Wednesday, February 24, 2010

Fine wine

Approximately a year ago, I saw Sachin Tendulkar retire hurt at a personal score of 163 at the end of 45 overs in an ODI in New Zealand.  The way he was batting that day a double century was easily in sight, especially with the short boundaries in Christchurch. A few months later he surpassed that with a 175 at Hyderabad that was as emphatic as any of his innings. Crossing 150 is a rare enough feat in ODI's, doing it so many times in a career is phenomenal. Today, SRT finally crossed the rubicon, getting to the 200 run landmark that he richly deserves to be the first to get to, just as Brian Lara thoroughly deserves to be remembered as the first man to a Test 400.

There will be talk about how it was a flat pitch and the runs were there for the taking. Well, this was the 2,962nd ODI played and a batsman finally reached 200. I don't care how flat the pitch was, this was special.

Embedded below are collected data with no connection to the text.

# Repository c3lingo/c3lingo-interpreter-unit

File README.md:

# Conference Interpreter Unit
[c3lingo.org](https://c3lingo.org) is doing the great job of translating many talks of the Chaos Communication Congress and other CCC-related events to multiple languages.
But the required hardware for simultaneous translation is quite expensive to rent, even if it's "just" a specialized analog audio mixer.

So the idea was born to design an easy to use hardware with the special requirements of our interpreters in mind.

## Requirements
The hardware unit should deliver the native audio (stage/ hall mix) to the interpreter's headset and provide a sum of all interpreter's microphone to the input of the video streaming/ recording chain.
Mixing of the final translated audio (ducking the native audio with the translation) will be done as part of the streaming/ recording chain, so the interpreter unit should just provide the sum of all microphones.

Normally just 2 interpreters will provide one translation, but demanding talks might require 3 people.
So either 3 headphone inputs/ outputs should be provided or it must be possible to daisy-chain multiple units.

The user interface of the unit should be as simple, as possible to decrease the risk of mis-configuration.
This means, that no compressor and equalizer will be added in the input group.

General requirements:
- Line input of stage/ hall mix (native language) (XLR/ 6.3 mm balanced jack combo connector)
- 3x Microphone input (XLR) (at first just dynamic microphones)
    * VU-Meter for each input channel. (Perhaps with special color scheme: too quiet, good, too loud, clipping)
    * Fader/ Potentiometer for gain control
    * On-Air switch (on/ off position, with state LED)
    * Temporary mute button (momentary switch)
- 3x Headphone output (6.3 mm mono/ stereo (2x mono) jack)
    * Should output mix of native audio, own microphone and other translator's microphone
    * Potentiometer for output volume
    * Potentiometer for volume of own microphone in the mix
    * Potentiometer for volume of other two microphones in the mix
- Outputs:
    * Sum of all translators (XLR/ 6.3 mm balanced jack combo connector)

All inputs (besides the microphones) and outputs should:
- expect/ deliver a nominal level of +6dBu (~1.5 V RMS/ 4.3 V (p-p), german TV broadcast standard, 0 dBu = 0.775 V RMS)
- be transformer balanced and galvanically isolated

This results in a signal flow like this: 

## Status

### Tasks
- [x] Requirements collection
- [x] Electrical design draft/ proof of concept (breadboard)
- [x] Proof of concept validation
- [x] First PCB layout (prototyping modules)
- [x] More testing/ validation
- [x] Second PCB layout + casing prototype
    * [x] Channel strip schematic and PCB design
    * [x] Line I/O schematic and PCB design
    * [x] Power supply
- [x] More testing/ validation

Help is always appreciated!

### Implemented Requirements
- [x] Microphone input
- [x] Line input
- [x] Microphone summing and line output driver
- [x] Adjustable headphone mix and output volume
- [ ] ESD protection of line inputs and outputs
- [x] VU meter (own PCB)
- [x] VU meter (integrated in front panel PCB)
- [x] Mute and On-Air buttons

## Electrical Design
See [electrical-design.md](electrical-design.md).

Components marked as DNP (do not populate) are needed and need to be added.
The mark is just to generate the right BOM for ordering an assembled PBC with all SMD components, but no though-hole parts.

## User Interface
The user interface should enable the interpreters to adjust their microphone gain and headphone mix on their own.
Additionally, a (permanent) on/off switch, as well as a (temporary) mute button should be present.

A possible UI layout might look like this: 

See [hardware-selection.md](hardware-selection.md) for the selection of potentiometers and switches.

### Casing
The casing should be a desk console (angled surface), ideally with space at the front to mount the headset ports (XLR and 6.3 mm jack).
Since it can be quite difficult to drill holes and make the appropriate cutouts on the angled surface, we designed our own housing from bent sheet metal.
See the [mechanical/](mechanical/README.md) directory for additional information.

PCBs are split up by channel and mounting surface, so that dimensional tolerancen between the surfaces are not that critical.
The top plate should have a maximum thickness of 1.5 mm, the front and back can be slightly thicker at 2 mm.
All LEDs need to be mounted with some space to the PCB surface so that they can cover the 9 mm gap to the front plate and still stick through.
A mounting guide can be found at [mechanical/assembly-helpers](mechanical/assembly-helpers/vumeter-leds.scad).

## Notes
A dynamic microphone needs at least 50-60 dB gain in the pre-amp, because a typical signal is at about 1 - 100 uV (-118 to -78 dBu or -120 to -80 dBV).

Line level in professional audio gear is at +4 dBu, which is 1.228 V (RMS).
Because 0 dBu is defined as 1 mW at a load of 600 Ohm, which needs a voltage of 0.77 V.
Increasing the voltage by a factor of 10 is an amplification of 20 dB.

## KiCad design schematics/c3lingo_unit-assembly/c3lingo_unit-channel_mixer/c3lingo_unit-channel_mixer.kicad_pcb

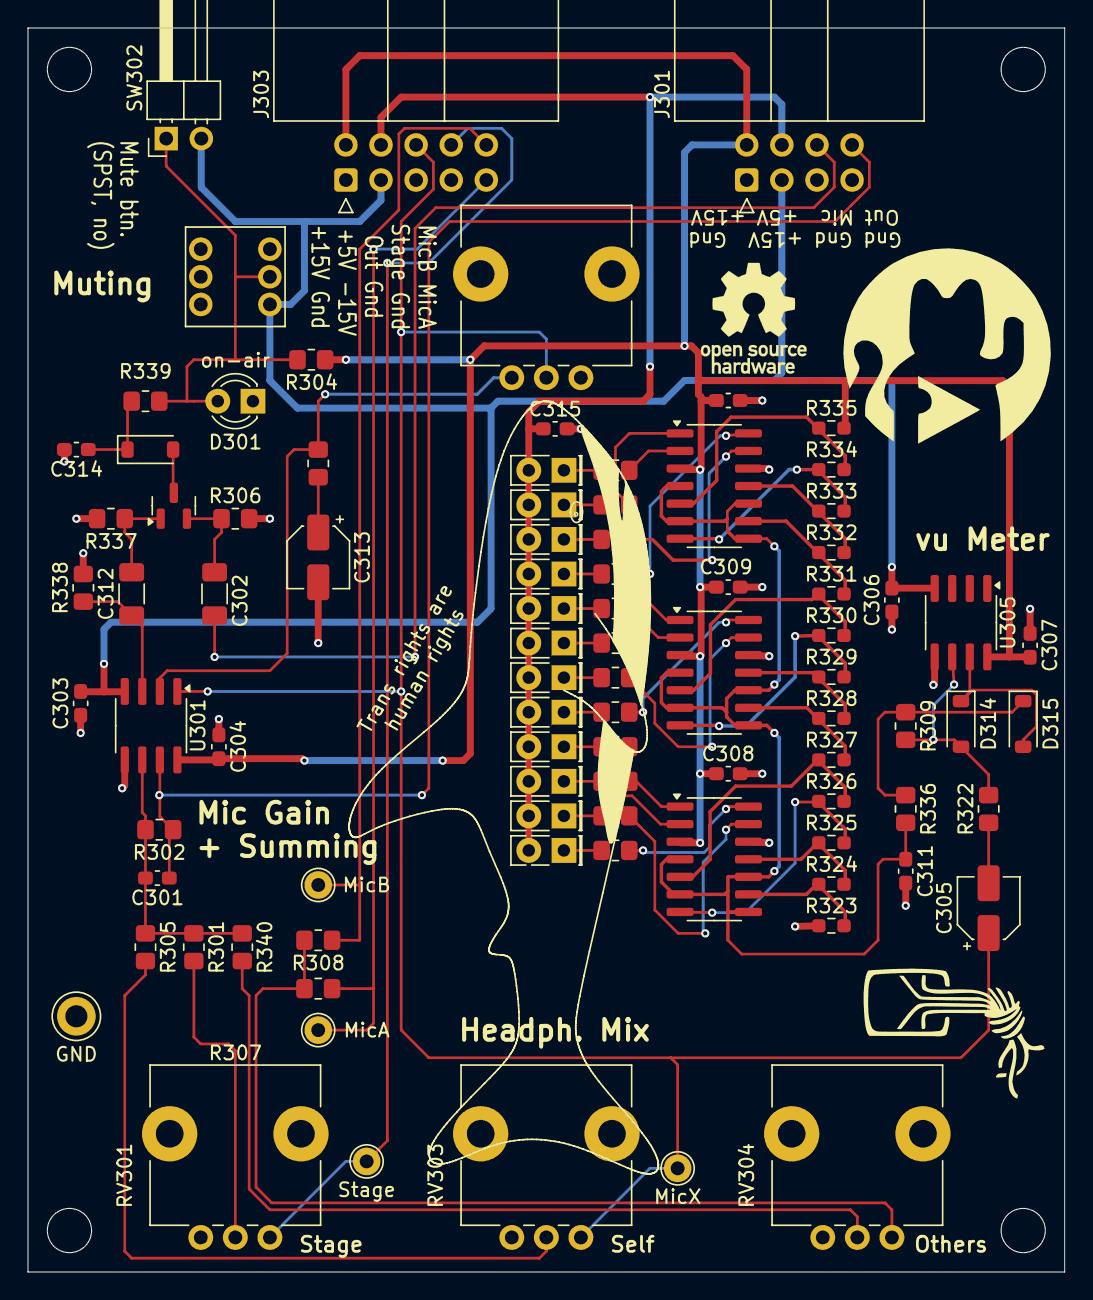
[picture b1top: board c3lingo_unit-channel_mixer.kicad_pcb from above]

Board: 2 copper layers, 75.0 x 90.0 mm, 94 parts (0 on the bottom side), 64 nets.

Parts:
C301: 680pF; C_0603_1608Metric_Pad1.08x0.95mm_HandSolder
C302, C312: 100nF C0G; C_1206_3216Metric_Pad1.33x1.80mm_HandSolder
C303, C304, C306, C307, C308, C309, C310, C311, C314, C315: 100nF; C_0603_1608Metric_Pad1.08x0.95mm_HandSolder
C305, C313: 1uF; CP_Elec_4x5.8
D301: on-air; LED_D3.0mm
D302, D303, D304, D305, D306, D307: ye; LED_Rectangular_W5.0mm_H2.0mm
D308, D309, D310: gn; LED_Rectangular_W5.0mm_H2.0mm
D311, D312, D313: rd; LED_Rectangular_W5.0mm_H2.0mm
D314, D315, D316: 1N4148; D_SOD-123
H301, H302, H303, H304: MountingHole; MountingHole_3.2mm_M3
J301: Interconnect; IDC-Header_2x04_P2.54mm_Horizontal
J303: I/O; IDC-Header_2x05_P2.54mm_Horizontal
Q301: MMBFJ113; SOT-23
R301, R302, R305: 22K; R_0805_2012Metric_Pad1.20x1.40mm_HandSolder
R303: 1.5K; R_0805_2012Metric_Pad1.20x1.40mm_HandSolder
R304: 3.3K; R_0805_2012Metric_Pad1.20x1.40mm_HandSolder
R306, R337, R338, R339: 1M; R_0805_2012Metric_Pad1.20x1.40mm_HandSolder
R307, R308: 2.2K; R_0805_2012Metric_Pad1.20x1.40mm_HandSolder
R309: 12K; R_0805_2012Metric_Pad1.20x1.40mm_HandSolder
R310, R311, R312, R313, R314, R315, R316, R317, R318, R319, R320, R321: 150R; R_0805_2012Metric_Pad1.20x1.40mm_HandSolder
R322: 1K; R_0805_2012Metric_Pad1.20x1.40mm_HandSolder
R323: 220R; R_0603_1608Metric_Pad0.98x0.95mm_HandSolder
R324: 100R; R_0603_1608Metric_Pad0.98x0.95mm_HandSolder
R325: 150R; R_0603_1608Metric_Pad0.98x0.95mm_HandSolder
R326: 180R; R_0603_1608Metric_Pad0.98x0.95mm_HandSolder
R327: 270R; R_0603_1608Metric_Pad0.98x0.95mm_HandSolder
R328: 390R; R_0603_1608Metric_Pad0.98x0.95mm_HandSolder
R329: 470R; R_0603_1608Metric_Pad0.98x0.95mm_HandSolder
R330: 680R; R_0603_1608Metric_Pad0.98x0.95mm_HandSolder
R331: 1.2K; R_0603_1608Metric_Pad0.98x0.95mm_HandSolder
R332: 1.5K; R_0603_1608Metric_Pad0.98x0.95mm_HandSolder
R333: 2.2K; R_0603_1608Metric_Pad0.98x0.95mm_HandSolder
R334: 3.3K; R_0603_1608Metric_Pad0.98x0.95mm_HandSolder
R335: 15K; R_0603_1608Metric_Pad0.98x0.95mm_HandSolder
R336: 100K; R_0805_2012Metric_Pad1.20x1.40mm_HandSolder
R340: 10K; R_0805_2012Metric_Pad1.20x1.40mm_HandSolder
RV301, RV302, RV303, RV304: 50K log.; Potentiometer_CUI_PTN09X_Single_Vertical
SW301: OnAir_X; SW_APEM_MHPS2273_DPDT
SW302: Mute_X; PinHeader_1x02_P2.54mm_Horizontal
TP301: Stage; TestPoint_THTPad_D2.0mm_Drill1.0mm
TP302: MicX; TestPoint_THTPad_D2.0mm_Drill1.0mm
TP303: MicA; TestPoint_THTPad_D2.0mm_Drill1.0mm
TP304: MicB; TestPoint_THTPad_D2.0mm_Drill1.0mm
TP305: GND; TestPoint_Keystone_5005-5009_Compact
U301: TL072; SOIC-8_3.9x4.9mm_P1.27mm
U302, U303, U304: LM339; SOIC-14_3.9x8.7mm_P1.27mm
U305: LM833-N; SOIC-8_3.9x4.9mm_P1.27mm

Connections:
+5V: C315.1, D302.2 (A), D303.2 (A), D304.2 (A), D305.2 (A), D306.2 (A), D307.2 (A), D308.2 (A), D309.2 (A), D310.2 (A), D311.2 (A), D312.2 (A), D313.2 (A), J301.4, J303.4
+15V: C304.2, C307.2, C308.1, C309.1, C310.1, J301.2, J303.2, R304.1, R335.2, U301.8 (V+), U302.3 (V+), U303.3 (V+), U304.3 (V+), U305.8 (V+)
-15V: C303.2, C306.2, J301.3, J303.3, SW301.3 (C), SW302.2, U301.4 (V-), U305.4 (V-)
/Headphone: C301.1, J301.8, R302.1, U301.7
/MicPre: C302.2, J301.6
/Mic_OthersA: J303.9, R307.1, TP303.1
/Mic_OthersB: J303.10, R308.1, TP304.1
/Mic_X: C305.1, J303.6, RV302.2, RV303.3, TP302.1, U301.1
/Stage: J303.8, RV301.3, TP301.1
GND: C303.1, C304.1, C306.1, C307.1, C308.2, C309.2, C310.2, C311.2, C313.2, C314.2, C315.2, D301.1 (K), J301.1, J301.5, J301.7, J303.1, J303.5, J303.7, R306.2, R323.1, R337.2, R338.2, RV301.1, RV303.1, RV304.1, TP305.1, U301.5 (+), U302.12 (V-), U303.12 (V-), U304.12 (V-), U305.5 (+)
unnamed: C305.2, R322.1
unnamed: C313.1, R303.2
unnamed: D301.2 (A), R304.2, R339.2, SW301.2 (B), SW302.1
unnamed: D302.1 (K), R310.1
unnamed: D303.1 (K), R311.1
unnamed: D304.1 (K), R312.1
unnamed: D305.1 (K), R313.1
unnamed: D306.1 (K), R314.1
unnamed: D307.1 (K), R315.1
unnamed: D308.1 (K), R316.1
unnamed: D309.1 (K), R317.1
unnamed: D310.1 (K), R318.1
unnamed: D311.1 (K), R319.1
unnamed: D312.1 (K), R320.1
unnamed: D313.1 (K), R321.1
unnamed: D314.2 (A), R309.2, R322.2, U305.6 (-)
unnamed: D314.1 (K), D315.2 (A), U305.7
unnamed: D315.1 (K), R309.1, R336.1
unnamed: D316.2 (A), Q301.3 (G)
unnamed: C314.1, D316.1 (K), R339.1
unnamed: C312.2, Q301.1 (D), R337.1
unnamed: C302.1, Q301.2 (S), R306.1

What made it even more special was that the team goal was not sacrificed at the altar of a personal record. (He did set the record for most 4's in a single ODI inning).

Between them MS Dhoni and Yusuf Pathan scored 104 runs in just 58 balls with 11 fours and 6 sixes. Masada came in at 300 for 3 in 41.1 overs. In the next 9 overs India added 101 runs with the Masada of recent vintage shelving his game for the MS of old. And boy, did he put up a display of wrist strength and power. When Matthew Hayden scored 380* against Zimbabwe at Perth, I remember watching Adam Gilchrist blazing away at the other end. Reared as I was through years and years of watching batsmen take singles to let another batsman get to a milestone, I was surprised at how quickly Gilly was scoring with scant regard for farming the strike. He reached a 100 in just 84 balls and all the while both batsmen knew that Steve Waugh was going to declare soon. The utter disregard for the personal milestone was not lost on me.

(Associated Press via CricInfo 2010)

When Sachin crossed the previous record of 194, there were 27 balls left and the Indian score was 345. Of the next 27 balls, SRT got to face just 7 balls and scored 5 runs off of them. Masada plundered 50 runs in the other 20 balls. Doing this put the game out of reach of the SAffers and also reduced the pressure on SRT to push the score along. Some of the sixes that the captain hit reminded everyone that the muscular marauder of old still lurks beneath the more sedate avataar he has adopted since his ascendancy to the top spot in Indian cricket.

Lots of writers far better than me will talk about SRT's inning so I will desist from doing the same. All I want to add is that, on evidence, he is still one of the best batsmen in the world and can keep playing for a few years beyond the World Cup. I hope he does. He is just that good.

2 comments:

Buck said...

i missed this innings by senor tendulkar but am definitely delighted that it is he who has first breached the 200-run barrier in the ODIs.

People might dispute, with good reason and sound data to back them up, claims that Sachin is the greatest test batsman of all time. But there is no doubting that he is the best ever ODI batsman.

Jaunty Quicksand said...

It was a great inning to watch. I tuned in to see what Sehwag would do and was mesmerized all the way through. No agricultural slogs, he relied predominantly on timing and his cover driving was exquisite.

Watch it on the WillowTV replay. You will enjoy it.

By the way, BD/DSC, the video scorecard for the second Test has been put up. Go and enjoy VVS's inning now. Click on Laxman's score (143*) and you can see every run he scored in the inning! :-) I just did.

WillowTV's video scorecard is such a wonderful application.